## TASK REQUIREMENTS
In the entries that follow, the first line to write out is the one containing "#7=PRODUCT_DEFINITION_CONTEXT('part definition',#1,'design');", and the last is the one containing "#17=DIRECTION('',(1.,0.,0.));". Reproduce that stretch exactly, with nothing before or after it.

## RECORDS FOR THIS TASK
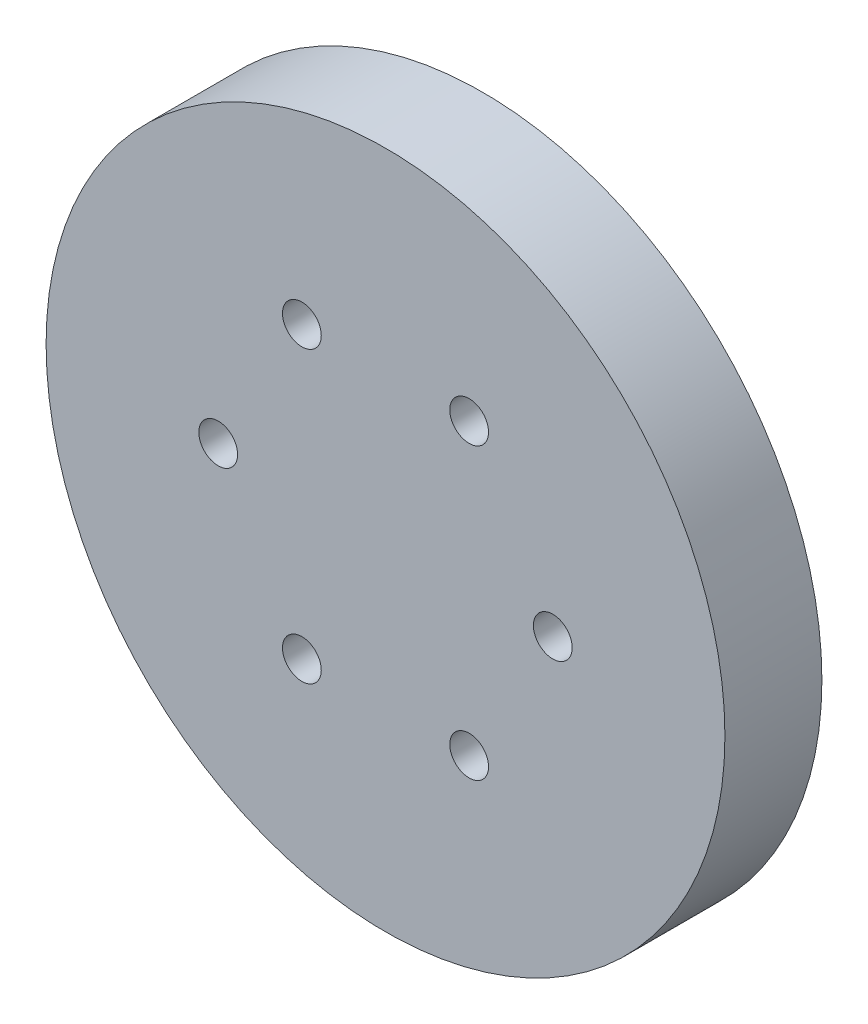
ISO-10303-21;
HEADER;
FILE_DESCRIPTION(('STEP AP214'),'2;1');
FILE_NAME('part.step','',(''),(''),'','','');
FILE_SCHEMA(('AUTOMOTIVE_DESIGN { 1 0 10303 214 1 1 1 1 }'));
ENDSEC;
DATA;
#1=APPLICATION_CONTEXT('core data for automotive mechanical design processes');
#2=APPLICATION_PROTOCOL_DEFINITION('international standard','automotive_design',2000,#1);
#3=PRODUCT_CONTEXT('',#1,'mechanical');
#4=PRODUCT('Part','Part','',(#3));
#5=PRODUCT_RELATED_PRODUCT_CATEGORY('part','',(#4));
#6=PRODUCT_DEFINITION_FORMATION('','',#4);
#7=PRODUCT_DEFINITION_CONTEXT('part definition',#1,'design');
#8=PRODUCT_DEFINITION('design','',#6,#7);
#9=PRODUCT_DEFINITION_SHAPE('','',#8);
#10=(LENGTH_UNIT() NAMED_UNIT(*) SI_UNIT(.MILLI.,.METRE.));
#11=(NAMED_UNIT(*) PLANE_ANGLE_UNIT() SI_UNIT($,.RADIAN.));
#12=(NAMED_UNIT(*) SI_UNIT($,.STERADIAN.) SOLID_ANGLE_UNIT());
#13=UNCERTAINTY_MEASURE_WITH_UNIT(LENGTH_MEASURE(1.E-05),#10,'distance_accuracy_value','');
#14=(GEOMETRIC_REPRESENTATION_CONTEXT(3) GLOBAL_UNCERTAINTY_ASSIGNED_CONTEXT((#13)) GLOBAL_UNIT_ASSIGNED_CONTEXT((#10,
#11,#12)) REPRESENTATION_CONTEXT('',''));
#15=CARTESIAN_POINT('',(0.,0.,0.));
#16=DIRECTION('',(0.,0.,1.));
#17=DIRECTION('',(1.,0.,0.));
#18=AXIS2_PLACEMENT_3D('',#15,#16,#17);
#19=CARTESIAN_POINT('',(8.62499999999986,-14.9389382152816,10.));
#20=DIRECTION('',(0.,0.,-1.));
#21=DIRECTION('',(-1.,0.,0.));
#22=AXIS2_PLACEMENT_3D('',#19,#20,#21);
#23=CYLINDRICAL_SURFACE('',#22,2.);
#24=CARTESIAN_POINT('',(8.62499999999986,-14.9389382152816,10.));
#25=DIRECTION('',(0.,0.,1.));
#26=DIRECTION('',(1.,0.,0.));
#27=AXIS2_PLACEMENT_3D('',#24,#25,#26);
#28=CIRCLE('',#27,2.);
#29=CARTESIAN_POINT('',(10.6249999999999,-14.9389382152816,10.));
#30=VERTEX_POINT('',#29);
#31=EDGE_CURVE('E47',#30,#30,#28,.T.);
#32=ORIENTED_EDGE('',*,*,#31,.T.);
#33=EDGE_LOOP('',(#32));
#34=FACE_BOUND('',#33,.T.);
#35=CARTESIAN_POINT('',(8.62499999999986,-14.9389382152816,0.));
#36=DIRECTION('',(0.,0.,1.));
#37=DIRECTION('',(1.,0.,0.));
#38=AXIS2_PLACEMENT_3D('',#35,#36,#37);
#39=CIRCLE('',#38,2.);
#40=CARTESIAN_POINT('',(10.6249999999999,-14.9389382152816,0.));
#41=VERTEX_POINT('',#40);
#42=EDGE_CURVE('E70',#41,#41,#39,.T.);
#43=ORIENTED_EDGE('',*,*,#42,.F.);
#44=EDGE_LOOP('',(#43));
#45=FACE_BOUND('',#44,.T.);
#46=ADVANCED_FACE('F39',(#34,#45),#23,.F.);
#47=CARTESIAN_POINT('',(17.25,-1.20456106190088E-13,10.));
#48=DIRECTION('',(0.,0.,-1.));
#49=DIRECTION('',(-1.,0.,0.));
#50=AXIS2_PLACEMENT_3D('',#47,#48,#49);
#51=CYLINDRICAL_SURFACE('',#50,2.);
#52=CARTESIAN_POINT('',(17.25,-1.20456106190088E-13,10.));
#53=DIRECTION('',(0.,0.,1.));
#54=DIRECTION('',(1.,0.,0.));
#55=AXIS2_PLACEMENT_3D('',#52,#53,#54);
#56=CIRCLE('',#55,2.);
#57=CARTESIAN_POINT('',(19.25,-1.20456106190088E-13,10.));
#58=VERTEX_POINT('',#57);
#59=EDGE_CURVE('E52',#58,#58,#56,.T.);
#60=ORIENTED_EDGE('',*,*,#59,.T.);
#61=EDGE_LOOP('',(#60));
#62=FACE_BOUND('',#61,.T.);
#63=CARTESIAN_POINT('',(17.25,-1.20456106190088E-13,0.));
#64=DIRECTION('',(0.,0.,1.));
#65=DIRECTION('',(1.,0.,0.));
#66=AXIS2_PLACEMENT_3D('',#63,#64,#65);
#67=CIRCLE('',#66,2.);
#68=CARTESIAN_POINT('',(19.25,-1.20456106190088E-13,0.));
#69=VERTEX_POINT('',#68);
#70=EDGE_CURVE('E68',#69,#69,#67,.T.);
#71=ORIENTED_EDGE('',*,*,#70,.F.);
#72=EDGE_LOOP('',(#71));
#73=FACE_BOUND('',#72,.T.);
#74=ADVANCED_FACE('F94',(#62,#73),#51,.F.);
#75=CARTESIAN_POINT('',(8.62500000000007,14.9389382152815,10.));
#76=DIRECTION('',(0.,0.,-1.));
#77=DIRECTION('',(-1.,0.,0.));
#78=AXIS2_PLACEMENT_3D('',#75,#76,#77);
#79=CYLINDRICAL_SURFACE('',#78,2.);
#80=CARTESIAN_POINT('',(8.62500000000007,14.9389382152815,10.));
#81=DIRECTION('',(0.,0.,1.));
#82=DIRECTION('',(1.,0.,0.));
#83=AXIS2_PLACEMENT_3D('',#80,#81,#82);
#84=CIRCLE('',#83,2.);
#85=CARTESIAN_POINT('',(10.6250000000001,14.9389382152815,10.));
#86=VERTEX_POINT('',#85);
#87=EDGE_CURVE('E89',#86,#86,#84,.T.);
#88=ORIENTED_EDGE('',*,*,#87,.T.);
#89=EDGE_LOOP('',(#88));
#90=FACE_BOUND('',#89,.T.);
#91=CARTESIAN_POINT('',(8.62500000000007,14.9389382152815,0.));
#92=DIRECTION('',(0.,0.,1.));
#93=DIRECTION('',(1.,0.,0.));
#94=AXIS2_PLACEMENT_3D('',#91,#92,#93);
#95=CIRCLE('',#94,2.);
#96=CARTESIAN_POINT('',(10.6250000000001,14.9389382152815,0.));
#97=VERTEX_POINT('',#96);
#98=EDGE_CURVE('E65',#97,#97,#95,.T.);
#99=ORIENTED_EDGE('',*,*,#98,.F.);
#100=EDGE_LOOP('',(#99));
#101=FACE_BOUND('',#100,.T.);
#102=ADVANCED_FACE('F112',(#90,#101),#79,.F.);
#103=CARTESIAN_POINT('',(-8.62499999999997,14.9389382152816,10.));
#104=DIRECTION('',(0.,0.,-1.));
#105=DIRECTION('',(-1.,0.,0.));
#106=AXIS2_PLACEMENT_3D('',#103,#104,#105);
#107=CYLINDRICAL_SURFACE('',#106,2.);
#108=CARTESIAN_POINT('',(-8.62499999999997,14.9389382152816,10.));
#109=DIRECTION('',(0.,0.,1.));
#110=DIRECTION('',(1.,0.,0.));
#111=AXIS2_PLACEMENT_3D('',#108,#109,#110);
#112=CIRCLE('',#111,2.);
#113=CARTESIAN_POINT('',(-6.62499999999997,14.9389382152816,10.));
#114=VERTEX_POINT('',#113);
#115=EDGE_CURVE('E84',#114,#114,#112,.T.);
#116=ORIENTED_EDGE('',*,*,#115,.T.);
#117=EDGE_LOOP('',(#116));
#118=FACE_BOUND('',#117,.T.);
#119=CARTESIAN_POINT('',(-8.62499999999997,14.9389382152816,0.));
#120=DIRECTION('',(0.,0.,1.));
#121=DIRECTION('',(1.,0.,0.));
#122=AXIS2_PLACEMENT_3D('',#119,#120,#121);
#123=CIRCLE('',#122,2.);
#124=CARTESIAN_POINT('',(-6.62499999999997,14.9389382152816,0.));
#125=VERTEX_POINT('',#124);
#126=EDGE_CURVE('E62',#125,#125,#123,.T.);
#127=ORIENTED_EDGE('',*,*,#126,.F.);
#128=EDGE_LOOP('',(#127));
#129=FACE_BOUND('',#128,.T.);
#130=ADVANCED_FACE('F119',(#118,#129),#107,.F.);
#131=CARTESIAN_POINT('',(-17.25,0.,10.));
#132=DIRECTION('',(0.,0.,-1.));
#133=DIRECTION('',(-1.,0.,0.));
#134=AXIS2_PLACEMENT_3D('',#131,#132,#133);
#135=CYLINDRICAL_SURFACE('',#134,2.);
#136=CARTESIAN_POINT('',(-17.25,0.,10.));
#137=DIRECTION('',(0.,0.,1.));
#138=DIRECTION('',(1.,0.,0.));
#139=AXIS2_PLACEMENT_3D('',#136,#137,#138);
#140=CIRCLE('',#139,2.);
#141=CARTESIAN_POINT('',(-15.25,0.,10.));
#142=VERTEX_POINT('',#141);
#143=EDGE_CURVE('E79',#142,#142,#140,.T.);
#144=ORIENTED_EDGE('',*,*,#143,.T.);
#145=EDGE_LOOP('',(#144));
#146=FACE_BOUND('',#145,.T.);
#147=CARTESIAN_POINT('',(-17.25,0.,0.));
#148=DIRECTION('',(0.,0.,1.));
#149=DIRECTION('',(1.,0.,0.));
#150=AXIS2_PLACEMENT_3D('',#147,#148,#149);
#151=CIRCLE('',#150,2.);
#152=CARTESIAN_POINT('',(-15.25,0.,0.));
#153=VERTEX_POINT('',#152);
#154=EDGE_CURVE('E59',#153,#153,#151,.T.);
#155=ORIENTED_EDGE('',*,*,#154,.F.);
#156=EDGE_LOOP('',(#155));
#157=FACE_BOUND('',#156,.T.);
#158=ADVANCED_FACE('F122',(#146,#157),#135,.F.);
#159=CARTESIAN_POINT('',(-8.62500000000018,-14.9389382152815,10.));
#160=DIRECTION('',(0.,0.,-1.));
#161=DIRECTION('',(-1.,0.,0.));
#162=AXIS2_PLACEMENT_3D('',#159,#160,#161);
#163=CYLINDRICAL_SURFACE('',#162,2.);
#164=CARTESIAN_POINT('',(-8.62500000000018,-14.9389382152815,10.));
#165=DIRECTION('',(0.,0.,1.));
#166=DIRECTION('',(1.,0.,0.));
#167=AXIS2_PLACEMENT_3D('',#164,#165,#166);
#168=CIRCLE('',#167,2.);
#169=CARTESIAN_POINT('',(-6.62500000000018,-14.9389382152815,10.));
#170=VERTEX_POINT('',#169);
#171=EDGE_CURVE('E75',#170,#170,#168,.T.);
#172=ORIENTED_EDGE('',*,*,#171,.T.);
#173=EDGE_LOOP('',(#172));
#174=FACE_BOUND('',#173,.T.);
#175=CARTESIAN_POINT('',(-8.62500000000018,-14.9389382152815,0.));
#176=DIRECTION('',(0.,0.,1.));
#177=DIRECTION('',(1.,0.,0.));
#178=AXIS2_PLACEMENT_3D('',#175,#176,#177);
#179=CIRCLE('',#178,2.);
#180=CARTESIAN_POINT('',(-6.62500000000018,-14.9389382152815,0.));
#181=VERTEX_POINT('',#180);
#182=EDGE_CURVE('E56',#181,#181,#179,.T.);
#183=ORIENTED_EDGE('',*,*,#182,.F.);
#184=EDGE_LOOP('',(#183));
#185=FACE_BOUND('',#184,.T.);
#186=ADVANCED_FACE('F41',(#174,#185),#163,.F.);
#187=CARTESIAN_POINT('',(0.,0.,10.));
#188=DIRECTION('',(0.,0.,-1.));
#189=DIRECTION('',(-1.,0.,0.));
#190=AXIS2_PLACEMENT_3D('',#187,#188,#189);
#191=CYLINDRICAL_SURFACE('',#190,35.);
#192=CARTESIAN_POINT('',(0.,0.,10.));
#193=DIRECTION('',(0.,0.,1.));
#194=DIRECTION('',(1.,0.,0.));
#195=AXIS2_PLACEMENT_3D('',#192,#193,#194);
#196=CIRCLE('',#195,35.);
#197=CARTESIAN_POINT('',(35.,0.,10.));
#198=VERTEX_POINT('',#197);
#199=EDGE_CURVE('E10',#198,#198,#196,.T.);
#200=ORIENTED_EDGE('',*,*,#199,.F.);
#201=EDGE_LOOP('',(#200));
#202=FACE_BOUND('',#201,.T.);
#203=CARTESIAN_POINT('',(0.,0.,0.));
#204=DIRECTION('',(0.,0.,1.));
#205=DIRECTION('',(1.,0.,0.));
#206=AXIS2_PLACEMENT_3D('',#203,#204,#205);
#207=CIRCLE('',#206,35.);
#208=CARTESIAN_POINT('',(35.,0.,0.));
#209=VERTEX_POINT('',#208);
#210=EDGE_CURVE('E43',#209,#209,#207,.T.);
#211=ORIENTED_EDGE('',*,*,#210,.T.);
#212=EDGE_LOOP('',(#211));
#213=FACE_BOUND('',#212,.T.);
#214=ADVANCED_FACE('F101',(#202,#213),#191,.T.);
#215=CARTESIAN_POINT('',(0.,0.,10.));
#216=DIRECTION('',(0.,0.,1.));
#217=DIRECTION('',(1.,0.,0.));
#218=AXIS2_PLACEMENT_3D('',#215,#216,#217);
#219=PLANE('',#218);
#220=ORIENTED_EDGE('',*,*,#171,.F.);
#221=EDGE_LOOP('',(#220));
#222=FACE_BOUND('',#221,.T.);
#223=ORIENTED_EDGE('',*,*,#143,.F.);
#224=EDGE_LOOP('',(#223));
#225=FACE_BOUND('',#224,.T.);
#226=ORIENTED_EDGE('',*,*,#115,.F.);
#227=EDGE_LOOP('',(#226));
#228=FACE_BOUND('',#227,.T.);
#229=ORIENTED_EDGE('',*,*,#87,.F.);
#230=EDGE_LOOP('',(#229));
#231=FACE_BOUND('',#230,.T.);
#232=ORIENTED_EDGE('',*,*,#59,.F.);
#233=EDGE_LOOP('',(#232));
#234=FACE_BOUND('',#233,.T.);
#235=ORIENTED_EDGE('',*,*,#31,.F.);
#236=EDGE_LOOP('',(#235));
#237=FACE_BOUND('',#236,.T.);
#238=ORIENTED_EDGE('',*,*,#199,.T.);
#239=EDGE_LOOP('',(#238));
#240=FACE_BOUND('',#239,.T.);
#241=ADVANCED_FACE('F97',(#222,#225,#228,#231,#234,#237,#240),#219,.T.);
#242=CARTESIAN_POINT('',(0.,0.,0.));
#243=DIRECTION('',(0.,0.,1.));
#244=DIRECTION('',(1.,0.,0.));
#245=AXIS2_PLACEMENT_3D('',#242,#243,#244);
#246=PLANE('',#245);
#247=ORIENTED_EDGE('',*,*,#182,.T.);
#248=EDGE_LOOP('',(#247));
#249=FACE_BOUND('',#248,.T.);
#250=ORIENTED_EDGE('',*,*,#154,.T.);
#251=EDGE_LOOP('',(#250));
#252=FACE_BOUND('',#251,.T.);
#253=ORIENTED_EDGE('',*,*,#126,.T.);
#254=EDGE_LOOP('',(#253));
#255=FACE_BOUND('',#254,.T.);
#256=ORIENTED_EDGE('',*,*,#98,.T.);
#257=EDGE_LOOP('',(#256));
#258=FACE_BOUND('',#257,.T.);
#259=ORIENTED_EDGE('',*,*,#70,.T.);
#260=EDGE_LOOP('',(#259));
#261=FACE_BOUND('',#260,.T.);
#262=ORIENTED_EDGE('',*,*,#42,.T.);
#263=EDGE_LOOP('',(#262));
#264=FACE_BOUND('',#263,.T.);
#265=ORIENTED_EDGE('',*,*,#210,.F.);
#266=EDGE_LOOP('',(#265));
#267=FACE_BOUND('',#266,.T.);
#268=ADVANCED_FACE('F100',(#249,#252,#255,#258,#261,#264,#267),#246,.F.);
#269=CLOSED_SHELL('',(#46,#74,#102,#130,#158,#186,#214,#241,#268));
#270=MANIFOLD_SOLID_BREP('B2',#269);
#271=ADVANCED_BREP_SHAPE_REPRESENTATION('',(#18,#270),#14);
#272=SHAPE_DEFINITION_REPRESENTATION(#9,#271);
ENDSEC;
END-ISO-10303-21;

## THE COMPLETED TASK
#7=PRODUCT_DEFINITION_CONTEXT('part definition',#1,'design');
#8=PRODUCT_DEFINITION('design','',#6,#7);
#9=PRODUCT_DEFINITION_SHAPE('','',#8);
#10=(LENGTH_UNIT() NAMED_UNIT(*) SI_UNIT(.MILLI.,.METRE.));
#11=(NAMED_UNIT(*) PLANE_ANGLE_UNIT() SI_UNIT($,.RADIAN.));
#12=(NAMED_UNIT(*) SI_UNIT($,.STERADIAN.) SOLID_ANGLE_UNIT());
#13=UNCERTAINTY_MEASURE_WITH_UNIT(LENGTH_MEASURE(1.E-05),#10,'distance_accuracy_value','');
#14=(GEOMETRIC_REPRESENTATION_CONTEXT(3) GLOBAL_UNCERTAINTY_ASSIGNED_CONTEXT((#13)) GLOBAL_UNIT_ASSIGNED_CONTEXT((#10,
#11,#12)) REPRESENTATION_CONTEXT('',''));
#15=CARTESIAN_POINT('',(0.,0.,0.));
#16=DIRECTION('',(0.,0.,1.));
#17=DIRECTION('',(1.,0.,0.));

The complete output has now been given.